The soldiers are absolutely in the wrong and must be made to pay the price of thier crimes (three officers have so far been disciplined over the murders). Rep. Duncan Hunter (R), chairman of the House Armed Service Committee has promised a hearing on the incident.

Total Information Awareness Runs Amok

BushhomelandsecurityboyStewart Heady of Tsaile, Arizona wrote in the mailing list ProgressForAZ the following interesting story which I think makes an important point about the need for oversight of datamining and roving surveillance systems:

"In the year after 9/11 I was living in the Seattle area.  There are a lot of immigrants in the whole region from Vancouver on down to Portland, an area with a population of about 6 million.

The street of Vancouver, B.C. at night look like photos you may
have seen of the famous Ginza strip in downtown Tokyo.  Most of the neon is Chinese, Japanese, Vietnamese, Laotian, etc.  In southeast Seattle, brochures on how to get a library card are printed in about a dozen languages. The most spoken language may actually be Somali. 

Looking around you see the future.
Whites are actually just another ethnicity in a mix that reflects all of humanity.  A knot of women talking at a bus stop is commonly dressed in full length burkhas, as there are many muslims.  It could be that muslims outnumber Christians in some neighborhoods.

So it made local news when the FBI swooped in and closed a few small grocery stores that catered to Somali patrons and provided them with "halal" meat.  One store had its whole inventory confiscated and taken to a landfill.  This was a small, struggling business and they never recovered.

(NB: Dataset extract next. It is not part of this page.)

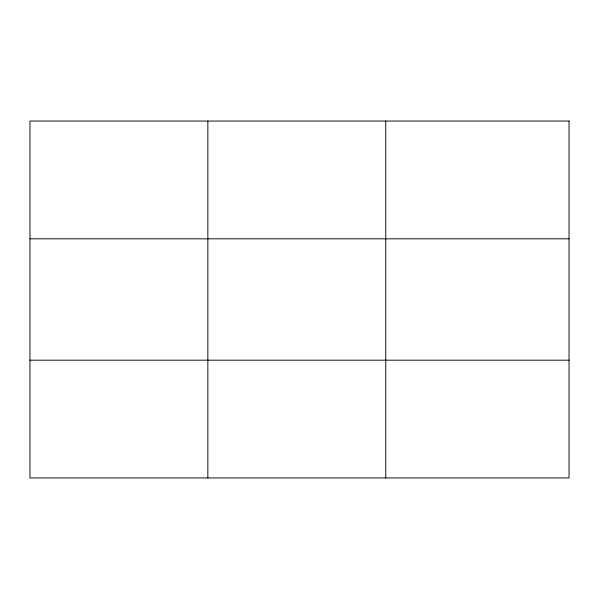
<?xml version="1.0" encoding="UTF-8"?>
<svg xmlns="http://www.w3.org/2000/svg" width="599" height="599" viewBox="0 0 599 599"><rect width="100%" height="100%" fill="white"/><g stroke="black" fill="none" stroke-linecap="round" stroke-linejoin="round"><path stroke-width="0.9" d="M207.853 477.957L207.853 121.043M385.756 477.957L385.756 121.043M29.95 238.821L569.05 238.821M29.95 360.179L569.05 360.179M569.05 121.043L569.05 477.957L29.95 477.957L29.95 121.043L569.05 121.043"/></g></svg>

What happened was a study in how a mistake by someone in a Washington office looking at numbers on a computer screen can turn into tragedy for real people in a distant city.

At the beginning of the month, Somali women who lived in group housing to pool resources went to the store together. They all came from a rural environment where the diet for the month generally included a goat killed in an halal way. This is pretty similar to "kosher."  So in the big city, they buy a whole goat from a grocer.  The stores know to stock a large quantity at the beginning of the month because most of the whole month's sales will occur on one or two days.

To the person monitoring electronic transactions of the type these women are used to, this looked like a sure sign of terrorist activity.  So he recommended that the FBI shut these stores down.  Somalis and other muslims felt they were targeted for attack because they were just muslims, and a lot of them were in great fear of the surrounding society.  They had to spend a lot more time on buses in order to find alternative halal sources.

FBI agents knocked on a lot of muslim community doors, and arrested a few people as terror suspects who were just foreigners acting a little odd because they didn't have enough acquaintance yet with living in America.

The problem with a surveillance program that is not subject to checks and balances, and that operates in secret, is that unknown persons simply sitting and looking at data on a computer screen somewhere is empowered to make decisions that can really screw things up for people they will never know.

About six or so years ago, 60 minutes ran a segment interviewing a former NSA analyst.  He pointed to an example from the Midwest somewhere.  A woman was talking to a friend on the phone.  She referred to the fact that her son had been in a school play the evening before and that he was really bad.  She used the word "school" and "bombed" repeatedly in telling the story.

The analyst pointed out that this had caused her to get put on a priority watch list, because the system was monitoring for key words.

These systems have a great deal of power that most of us know nothing about.  They give the humans that run them the ability to magnify the kinds of errors made in the average office every day into devastating consequences. 

We really must insist on Constitutional safeguards."